7 Comments
User's avatar
Monkyyy's avatar

Ive been summarizing this sort of thing as "having taste", if your still doing this sort of research maybe find a bunch of bad vibe coders give them this task again. Then give them reading material(in the form of hour's of youtube playlists) from different programming paradigms, randomize the order they are given each playlist, tell the vibe coders to implement the "programming taste" of the paradigm they last, see what happens to these benchmarks.

Hōrōshi バガボンド's avatar

this is happening btw. (slightly different form tho) are you interested?

Monkyyy's avatar

its unclear if this is you giving me a link, or asking to try my hand I designing a playlist for vibe coders to learn or asking me to be a vibe coder for it; what exactly is happening?

Hōrōshi バガボンド's avatar

my bad for vibe posting. all three actually

I'm designing an experiment where participants solve a task with AI. half get a cheatsheet with common footguns, half don't.

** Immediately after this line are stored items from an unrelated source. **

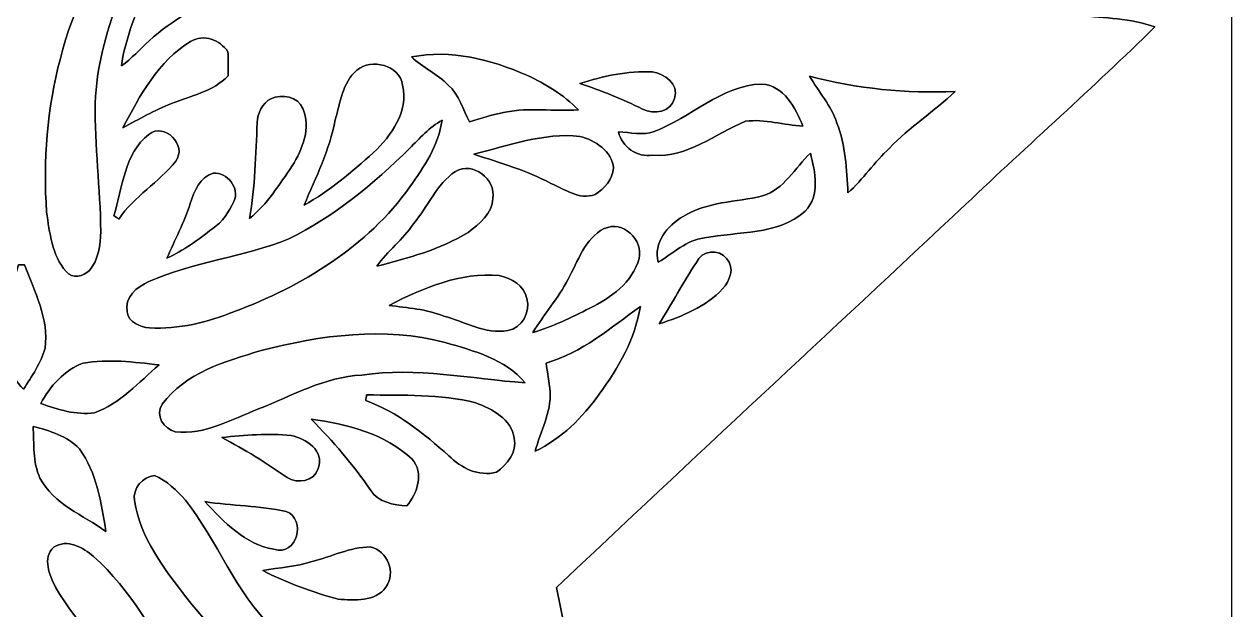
# Model space of a CAD drawing. Header units: centimetres. Extents: x -16.8 to 16.8, y -16.7 to 16.7.
# Drawn here: x 0.01 to 16.77, y -5.06 to 3.07 of the extents above; entities that cross this region are included whole.
import ezdxf

# ---------------------------------------------------------------- set-up
doc = ezdxf.new("R2010")
doc.units = ezdxf.units.CM
doc.header["$MEASUREMENT"] = 0
doc.layers.add('Layer 1', color=7, linetype='Continuous')

msp = doc.modelspace()

# ---------------------------------------------------------------- linework, layer by layer
at = {"layer": 'Layer 1', "color": 7}
for points, knots in [([(-16.77458, 16.66875), (-16.77458, 16.66875), (16.77458, 16.66875), (16.77458, 16.66875), (16.77458, 16.66875), (16.77458, 16.66875), (16.77458, -16.66875), (16.77458, -16.66875), (16.77458, -16.66875), (16.77458, -16.66875), (-16.77458, -16.66875), (-16.77458, -16.66875), (-16.77458, -16.66875), (-16.77458, -16.66875), (-16.77458, 16.66875), (-16.77458, 16.66875), (-16.77458, 16.66875), (-16.77458, 16.66875), (-16.77458, 16.66875), (-16.77458, 16.66875)], [0, 0, 0, 0, 0.16666667, 0.16666667, 0.16666667, 0.16666667, 0.33333333, 0.33333333, 0.33333333, 0.33333333, 0.5, 0.5, 0.5, 0.5, 0.66666667, 0.66666667, 0.66666667, 0.66666667, 1, 1, 1, 1]), ([(-0.05186, 14.8336), (-1.55893, 11.31958), (-3.06246, 7.8038), (-4.56918, 4.28942), (-4.56918, 4.28942), (-7.79992, 3.91583), (-11.0363, 3.59198), (-14.2681, 3.22651), (-14.2681, 3.22651), (-14.74893, 3.17183), (-15.23753, 3.15913), (-15.70778, 3.03495), (-15.70778, 3.03495), (-14.58489, 1.95474), (-13.42496, 0.91334), (-12.29713, -0.16193), (-12.29713, -0.16193), (-10.71598, -1.62631), (-9.15035, -3.10727), (-7.56779, -4.56988), (-7.56779, -4.56988), (-7.48947, -4.63938), (-7.38011, -4.73393), (-7.41821, -4.85387), (-7.41821, -4.85387), (-7.96431, -7.47536), (-8.48995, -10.10144), (-9.03746, -12.72293), (-9.03746, -12.72293), (-9.26042, -13.8557), (-9.51618, -14.98247), (-9.72079, -16.11877), (-9.72079, -16.11877), (-8.77464, -15.62029), (-7.88388, -15.02551), (-6.96031, -14.48788), (-6.96031, -14.48788), (-4.74592, -13.1639), (-2.53189, -11.83922), (-0.3242, -10.50431), (-0.3242, -10.50431), (-0.21519, -10.44998), (-0.10936, -10.36602), (0.01517, -10.35791), (0.01517, -10.35791), (0.24553, -10.43764), (0.44626, -10.58086), (0.65511, -10.70363), (0.65511, -10.70363), (2.70193, -11.93976), (4.75368, -13.16743), (6.80473, -14.39616), (6.80473, -14.39616), (7.78157, -14.96131), (8.72031, -15.59207), (9.71938, -16.11842), (9.71938, -16.11842), (9.56804, -15.25834), (9.36872, -14.40744), (9.20609, -13.54949), (9.20609, -13.54949), (8.59896, -10.61685), (8.00171, -7.68244), (7.3974, -4.74945), (7.3974, -4.74945), (9.28229, -2.96545), (11.1887, -1.20509), (13.08029, 0.57185), (13.08029, 0.57185), (13.95166, 1.39771), (14.85089, 2.19428), (15.70708, 3.0353), (15.70708, 3.0353), (15.36982, 3.15278), (15.00928, 3.15701), (14.65827, 3.1937), (14.65827, 3.1937), (11.29594, 3.56623), (7.93256, 3.92642), (4.56918, 4.28942), (4.56918, 4.28942), (3.06176, 7.8038), (1.56281, 11.32099), (0.05186, 14.8336), (0.05186, 14.8336), (0.02575, 14.8336), (-0.02611, 14.8336), (-0.05186, 14.8336)], [0, 0, 0, 0, 0.04347826, 0.04347826, 0.04347826, 0.04347826, 0.08695652, 0.08695652, 0.08695652, 0.08695652, 0.13043478, 0.13043478, 0.13043478, 0.13043478, 0.17391304, 0.17391304, 0.17391304, 0.17391304, 0.2173913, 0.2173913, 0.2173913, 0.2173913, 0.26086957, 0.26086957, 0.26086957, 0.26086957, 0.30434783, 0.30434783, 0.30434783, 0.30434783, 0.34782609, 0.34782609, 0.34782609, 0.34782609, 0.39130435, 0.39130435, 0.39130435, 0.39130435, 0.43478261, 0.43478261, 0.43478261, 0.43478261, 0.47826087, 0.47826087, 0.47826087, 0.47826087, 0.52173913, 0.52173913, 0.52173913, 0.52173913, 0.56521739, 0.56521739, 0.56521739, 0.56521739, 0.60869565, 0.60869565, 0.60869565, 0.60869565, 0.65217391, 0.65217391, 0.65217391, 0.65217391, 0.69565217, 0.69565217, 0.69565217, 0.69565217, 0.73913043, 0.73913043, 0.73913043, 0.73913043, 0.7826087, 0.7826087, 0.7826087, 0.7826087, 0.82608696, 0.82608696, 0.82608696, 0.82608696, 0.86956522, 0.86956522, 0.86956522, 0.86956522, 0.91304348, 0.91304348, 0.91304348, 0.91304348, 1, 1, 1, 1]), ([(1.51342, 4.48381), (1.61572, 4.59105), (1.73637, 4.67889), (1.86337, 4.75474), (1.86337, 4.75474), (1.49789, 3.85621), (1.03258, 2.96827), (0.99201, 1.97732), (0.99201, 1.97732), (0.98919, 1.38254), (1.05974, 0.78952), (1.07068, 0.19473), (1.07068, 0.19473), (1.06362, 0.006), (1.04069, -0.19791), (0.91122, -0.34643), (0.91122, -0.34643), (0.82938, -0.43639), (0.67451, -0.46496), (0.58879, -0.36371), (0.58879, -0.36371), (0.39229, -0.13582), (0.35842, 0.17815), (0.31821, 0.4639), (0.31821, 0.4639), (0.26635, 1.17793), (0.32526, 1.90183), (0.50871, 2.59468), (0.50871, 2.59468), (0.68439, 3.29247), (1.00647, 3.96558), (1.51342, 4.48381)], [0, 0, 0, 0, 0.11111111, 0.11111111, 0.11111111, 0.11111111, 0.22222222, 0.22222222, 0.22222222, 0.22222222, 0.33333333, 0.33333333, 0.33333333, 0.33333333, 0.44444444, 0.44444444, 0.44444444, 0.44444444, 0.55555556, 0.55555556, 0.55555556, 0.55555556, 0.66666667, 0.66666667, 0.66666667, 0.66666667, 0.77777778, 0.77777778, 0.77777778, 0.77777778, 1, 1, 1, 1]), ([(2.31528, 4.31941), (2.51319, 4.40055), (2.73473, 4.27143), (2.82434, 4.09328), (2.82434, 4.09328), (2.83774, 3.94018), (2.8896, 3.74579), (2.75908, 3.6255), (2.75908, 3.6255), (2.46415, 3.31082), (2.05881, 3.13372), (1.74343, 2.84304), (1.74343, 2.84304), (1.61184, 2.72874), (1.50072, 2.59151), (1.35537, 2.49308), (1.35537, 2.49308), (1.40547, 2.84727), (1.54517, 3.18135), (1.66899, 3.51437), (1.66899, 3.51437), (1.80904, 3.82623), (1.96427, 4.197), (2.31528, 4.31941)], [0, 0, 0, 0, 0.14285714, 0.14285714, 0.14285714, 0.14285714, 0.28571429, 0.28571429, 0.28571429, 0.28571429, 0.42857143, 0.42857143, 0.42857143, 0.42857143, 0.57142857, 0.57142857, 0.57142857, 0.57142857, 0.71428571, 0.71428571, 0.71428571, 0.71428571, 1, 1, 1, 1]), ([(2.31704, 2.83281), (2.50366, 2.94217), (2.72097, 2.85503), (2.83633, 2.68923), (2.83633, 2.68923), (2.83669, 2.60562), (2.83739, 2.43805), (2.83774, 2.35409), (2.83774, 2.35409), (2.63066, 2.13289), (2.31987, 2.08351), (2.05176, 1.96956), (2.05176, 1.96956), (1.81645, 1.87925), (1.59985, 1.75048), (1.37689, 1.63477), (1.37689, 1.63477), (1.61149, 2.08315), (1.87325, 2.56081), (2.31704, 2.83281)], [0, 0, 0, 0, 0.16666667, 0.16666667, 0.16666667, 0.16666667, 0.33333333, 0.33333333, 0.33333333, 0.33333333, 0.5, 0.5, 0.5, 0.5, 0.66666667, 0.66666667, 0.66666667, 0.66666667, 1, 1, 1, 1]), ([(5.38304, 2.61691), (5.92949, 2.72521), (6.48723, 2.58445), (6.98676, 2.3622), (6.98676, 2.3622), (7.24958, 2.24331), (7.49723, 2.0888), (7.7022, 1.88419), (7.7022, 1.88419), (7.36318, 1.85632), (7.01992, 1.91911), (6.68408, 1.85032), (6.68408, 1.85032), (6.51404, 1.82351), (6.35247, 1.76248), (6.18807, 1.71415), (6.18807, 1.71415), (6.09988, 1.88983), (6.04379, 2.09021), (5.89562, 2.22638), (5.89562, 2.22638), (5.74287, 2.37984), (5.54249, 2.47191), (5.38304, 2.61691)], [0, 0, 0, 0, 0.14285714, 0.14285714, 0.14285714, 0.14285714, 0.28571429, 0.28571429, 0.28571429, 0.28571429, 0.42857143, 0.42857143, 0.42857143, 0.42857143, 0.57142857, 0.57142857, 0.57142857, 0.57142857, 0.71428571, 0.71428571, 0.71428571, 0.71428571, 1, 1, 1, 1]), ([(4.62456, 2.4317), (4.82917, 2.60421), (5.21899, 2.50543), (5.25992, 2.22567), (5.25992, 2.22567), (5.34529, 1.85244), (5.10364, 1.52859), (4.85422, 1.28482), (4.85422, 1.28482), (4.55119, 1.02235), (4.24744, 0.75389), (3.89396, 0.56056), (3.89396, 0.56056), (4.05765, 0.94791), (4.24956, 1.32786), (4.32435, 1.7459), (4.32435, 1.7459), (4.39737, 1.98261), (4.42383, 2.26307), (4.62456, 2.4317)], [0, 0, 0, 0, 0.16666667, 0.16666667, 0.16666667, 0.16666667, 0.33333333, 0.33333333, 0.33333333, 0.33333333, 0.5, 0.5, 0.5, 0.5, 0.66666667, 0.66666667, 0.66666667, 0.66666667, 1, 1, 1, 1]), ([(7.72301, 2.25037), (8.04827, 2.34738), (8.38447, 2.43064), (8.72702, 2.40947), (8.72702, 2.40947), (8.89635, 2.38266), (9.10661, 2.24649), (9.0357, 2.04153), (9.0357, 2.04153), (8.99054, 1.85279), (8.74712, 1.80975), (8.59331, 1.89406), (8.59331, 1.89406), (8.31039, 2.03059), (8.02005, 2.14877), (7.72301, 2.25037)], [0, 0, 0, 0, 0.2, 0.2, 0.2, 0.2, 0.4, 0.4, 0.4, 0.4, 0.6, 0.6, 0.6, 0.6, 1, 1, 1, 1]), ([(10.91036, 2.35162), (11.5697, 2.17487), (12.25056, 2.10785), (12.93248, 2.13819), (12.93248, 2.13819), (12.64144, 1.8602), (12.29819, 1.64253), (12.02055, 1.34973), (12.02055, 1.34973), (11.81171, 1.15852), (11.65613, 0.91722), (11.44446, 0.72919), (11.44446, 0.72919), (11.42189, 1.05551), (11.41554, 1.39065), (11.29206, 1.69862), (11.29206, 1.69862), (11.21198, 1.94169), (11.03595, 2.13325), (10.91036, 2.35162)], [0, 0, 0, 0, 0.16666667, 0.16666667, 0.16666667, 0.16666667, 0.33333333, 0.33333333, 0.33333333, 0.33333333, 0.5, 0.5, 0.5, 0.5, 0.66666667, 0.66666667, 0.66666667, 0.66666667, 1, 1, 1, 1]), ([(8.75312, 1.58291), (9.26465, 1.76883), (9.68057, 2.22462), (10.24925, 2.2412), (10.24925, 2.2412), (10.55511, 2.21721), (10.71633, 1.91029), (10.81934, 1.6577), (10.81934, 1.6577), (10.55441, 1.66652), (10.28771, 1.76142), (10.02383, 1.72403), (10.02383, 1.72403), (9.59944, 1.55222), (9.22161, 1.21532), (8.73231, 1.25271), (8.73231, 1.25271), (8.50935, 1.21849), (8.3125, 1.36666), (8.25676, 1.57551), (8.25676, 1.57551), (8.42151, 1.57021), (8.59331, 1.524), (8.75312, 1.58291)], [0, 0, 0, 0, 0.14285714, 0.14285714, 0.14285714, 0.14285714, 0.28571429, 0.28571429, 0.28571429, 0.28571429, 0.42857143, 0.42857143, 0.42857143, 0.42857143, 0.57142857, 0.57142857, 0.57142857, 0.57142857, 0.71428571, 0.71428571, 0.71428571, 0.71428571, 1, 1, 1, 1]), ([(3.43076, 2.03729), (3.58352, 2.10714), (3.80788, 2.06975), (3.87738, 1.90077), (3.87738, 1.90077), (3.99239, 1.6323), (3.87068, 1.33526), (3.72816, 1.10455), (3.72816, 1.10455), (3.5493, 0.84878), (3.38243, 0.57185), (3.13584, 0.37394), (3.13584, 0.37394), (3.21557, 0.81351), (3.22016, 1.26118), (3.24238, 1.70603), (3.24238, 1.70603), (3.24873, 1.83762), (3.3087, 1.97485), (3.43076, 2.03729)], [0, 0, 0, 0, 0.16666667, 0.16666667, 0.16666667, 0.16666667, 0.33333333, 0.33333333, 0.33333333, 0.33333333, 0.5, 0.5, 0.5, 0.5, 0.66666667, 0.66666667, 0.66666667, 0.66666667, 1, 1, 1, 1]), ([(1.73849, 1.54164), (1.9491, 1.71732), (2.2793, 1.38677), (2.10996, 1.17087), (2.10996, 1.17087), (1.87643, 0.87524), (1.53423, 0.68016), (1.31974, 0.36548), (1.31974, 0.36548), (1.30316, 0.37747), (1.26965, 0.40111), (1.25307, 0.41275), (1.25307, 0.41275), (1.37125, 0.80398), (1.39418, 1.27282), (1.73849, 1.54164)], [0, 0, 0, 0, 0.2, 0.2, 0.2, 0.2, 0.4, 0.4, 0.4, 0.4, 0.6, 0.6, 0.6, 0.6, 1, 1, 1, 1]), ([(5.35622, 1.34655), (5.4991, 1.48555), (5.6321, 1.64042), (5.80813, 1.73919), (5.80813, 1.73919), (5.76227, 1.39136), (5.55978, 1.09255), (5.36187, 0.81315), (5.36187, 0.81315), (4.77202, -0.01729), (3.86609, -0.56727), (2.92488, -0.91722), (2.92488, -0.91722), (2.55199, -1.06786), (2.15124, -1.16664), (1.74696, -1.14512), (1.74696, -1.14512), (1.61713, -1.13065), (1.45486, -1.07456), (1.43827, -0.92393), (1.43827, -0.92393), (1.39241, -0.72319), (1.57268, -0.57291), (1.73743, -0.50271), (1.73743, -0.50271), (2.35902, -0.22296), (3.05259, -0.16369), (3.68229, 0.09313), (3.68229, 0.09313), (4.31447, 0.39793), (4.86022, 0.85584), (5.35622, 1.34655)], [0, 0, 0, 0, 0.11111111, 0.11111111, 0.11111111, 0.11111111, 0.22222222, 0.22222222, 0.22222222, 0.22222222, 0.33333333, 0.33333333, 0.33333333, 0.33333333, 0.44444444, 0.44444444, 0.44444444, 0.44444444, 0.55555556, 0.55555556, 0.55555556, 0.55555556, 0.66666667, 0.66666667, 0.66666667, 0.66666667, 0.77777778, 0.77777778, 0.77777778, 0.77777778, 1, 1, 1, 1]), ([(6.24805, 1.26541), (6.72994, 1.38465), (7.21713, 1.56951), (7.72195, 1.51483), (7.72195, 1.51483), (7.93221, 1.45944), (8.1661, 1.31022), (8.18903, 1.07597), (8.18903, 1.07597), (8.17809, 0.9204), (8.06485, 0.78246), (7.93327, 0.70838), (7.93327, 0.70838), (7.71066, 0.62442), (7.51276, 0.7814), (7.31908, 0.86219), (7.31908, 0.86219), (6.98077, 1.04387), (6.61106, 1.14829), (6.24805, 1.26541)], [0, 0, 0, 0, 0.16666667, 0.16666667, 0.16666667, 0.16666667, 0.33333333, 0.33333333, 0.33333333, 0.33333333, 0.5, 0.5, 0.5, 0.5, 0.66666667, 0.66666667, 0.66666667, 0.66666667, 1, 1, 1, 1]), ([(10.25807, 0.68651), (10.55758, 0.78034), (10.70927, 1.07633), (10.922, 1.28341), (10.922, 1.28341), (10.98762, 1.01635), (11.06558, 0.69568), (10.84792, 0.4766), (10.84792, 0.4766), (10.46797, 0.13441), (9.91941, 0.19897), (9.45233, 0.10336), (9.45233, 0.10336), (9.2015, 0.07796), (9.01771, -0.10936), (8.81098, -0.23424), (8.81098, -0.23424), (8.73901, 0.04022), (8.93551, 0.27658), (9.15776, 0.40111), (9.15776, 0.40111), (9.48619, 0.60678), (9.89154, 0.60254), (10.25807, 0.68651)], [0, 0, 0, 0, 0.14285714, 0.14285714, 0.14285714, 0.14285714, 0.28571429, 0.28571429, 0.28571429, 0.28571429, 0.42857143, 0.42857143, 0.42857143, 0.42857143, 0.57142857, 0.57142857, 0.57142857, 0.57142857, 0.71428571, 0.71428571, 0.71428571, 0.71428571, 1, 1, 1, 1]), ([(2.31175, 0.58208), (2.36961, 0.74471), (2.44158, 0.95673), (2.63243, 1.00189), (2.63243, 1.00189), (2.82293, 1.01847), (3.00602, 0.79446), (2.91747, 0.60995), (2.91747, 0.60995), (2.84621, 0.46708), (2.76084, 0.32456), (2.62361, 0.2353), (2.62361, 0.2353), (2.42499, 0.07867), (2.21897, -0.07338), (1.98684, -0.17674), (1.98684, -0.17674), (2.09868, 0.07479), (2.22779, 0.31891), (2.31175, 0.58208)], [0, 0, 0, 0, 0.16666667, 0.16666667, 0.16666667, 0.16666667, 0.33333333, 0.33333333, 0.33333333, 0.33333333, 0.5, 0.5, 0.5, 0.5, 0.66666667, 0.66666667, 0.66666667, 0.66666667, 1, 1, 1, 1]), ([(5.99334, 1.02694), (6.23358, 1.17016), (6.56308, 0.92251), (6.51263, 0.65052), (6.51263, 0.65052), (6.51404, 0.44379), (6.3179, 0.29633), (6.17079, 0.17851), (6.17079, 0.17851), (5.78132, -0.05574), (5.33717, -0.17674), (4.90079, -0.28963), (4.90079, -0.28963), (5.05284, -0.07691), (5.26662, 0.0829), (5.41161, 0.30198), (5.41161, 0.30198), (5.61128, 0.53693), (5.73158, 0.84984), (5.99334, 1.02694)], [0, 0, 0, 0, 0.16666667, 0.16666667, 0.16666667, 0.16666667, 0.33333333, 0.33333333, 0.33333333, 0.33333333, 0.5, 0.5, 0.5, 0.5, 0.66666667, 0.66666667, 0.66666667, 0.66666667, 1, 1, 1, 1]), ([(8.05921, 0.23283), (8.32273, 0.35489), (8.60284, 0.07867), (8.54498, -0.18239), (8.54498, -0.18239), (8.45326, -0.51506), (8.15234, -0.72672), (7.85918, -0.87277), (7.85918, -0.87277), (7.6013, -0.9973), (7.34483, -1.13206), (7.0672, -1.20791), (7.0672, -1.20791), (7.22559, -0.95885), (7.42209, -0.73378), (7.55756, -0.47061), (7.55756, -0.47061), (7.69549, -0.22401), (7.78898, 0.09843), (8.05921, 0.23283)], [0, 0, 0, 0, 0.16666667, 0.16666667, 0.16666667, 0.16666667, 0.33333333, 0.33333333, 0.33333333, 0.33333333, 0.5, 0.5, 0.5, 0.5, 0.66666667, 0.66666667, 0.66666667, 0.66666667, 1, 1, 1, 1]), ([(9.34014, -0.23601), (9.40647, -0.06632), (9.65906, -0.04233), (9.76383, -0.1845), (9.76383, -0.1845), (9.8746, -0.30903), (9.80616, -0.49671), (9.70386, -0.6029), (9.70386, -0.6029), (9.47385, -0.85654), (9.14082, -0.98178), (8.82438, -1.08938), (8.82438, -1.08938), (8.9976, -0.80574), (9.15882, -0.51435), (9.34014, -0.23601)], [0, 0, 0, 0, 0.2, 0.2, 0.2, 0.2, 0.4, 0.4, 0.4, 0.4, 0.6, 0.6, 0.6, 0.6, 1, 1, 1, 1]), ([(-0.07126, -0.26988), (-0.0508, -0.26952), (-0.00953, -0.26811), (0.01094, -0.26741), (0.01094, -0.26741), (0.14499, -0.64206), (0.35525, -1.01353), (0.29669, -1.42734), (0.29669, -1.42734), (0.23954, -1.63689), (0.11077, -1.81681), (-0.00388, -1.99813), (-0.00388, -1.99813), (-0.19156, -1.7907), (-0.35278, -1.54023), (-0.36795, -1.25271), (-0.36795, -1.25271), (-0.32314, -0.91017), (-0.16087, -0.60078), (-0.07126, -0.26988)], [0, 0, 0, 0, 0.16666667, 0.16666667, 0.16666667, 0.16666667, 0.33333333, 0.33333333, 0.33333333, 0.33333333, 0.5, 0.5, 0.5, 0.5, 0.66666667, 0.66666667, 0.66666667, 0.66666667, 1, 1, 1, 1]), ([(5.07294, -0.83256), (5.54426, -0.59196), (6.06213, -0.37042), (6.60365, -0.41769), (6.60365, -0.41769), (6.76981, -0.45226), (6.95254, -0.55986), (6.98641, -0.73836), (6.98641, -0.73836), (7.03897, -0.92216), (6.91762, -1.15217), (6.72112, -1.1811), (6.72112, -1.1811), (6.40927, -1.23896), (6.12387, -1.0608), (5.83424, -0.98037), (5.83424, -0.98037), (5.59117, -0.88406), (5.32836, -0.86854), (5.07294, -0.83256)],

your playlist idea maps to what I call "multiphase" (didn't put lots of effort into naming it yet tbh) where phase 1 acquires the vocabulary for domain concerns with LLMs and then phase 2 using it in directed prompts. I have enough data for phase 2 already (with a 100% success rate across 3 model families when the right words are in the prompt) what's still missing is phase 1

lmk if you're interested in any of these

Monkyyy's avatar

I wont mind trying my hand writing a cheat sheet or trying to teach vibe coders; but I know nothing about databases.

Shouldnt you hedge your bets on cheatsheets by having maybe 3 different versions?

Hōrōshi バガボンド's avatar

it's not about dbs I didn't decide on the task yet. currently mining for the ones that have typical production/scale footguns which LLMs often miss but get resolved via proper vocabulary each time.

Hōrōshi バガボンド's avatar

that would be the very next step! This one was just what I could do in a relatively short amount of time with the resources I had.

Depending on how this one is received, I'd seriously consider it.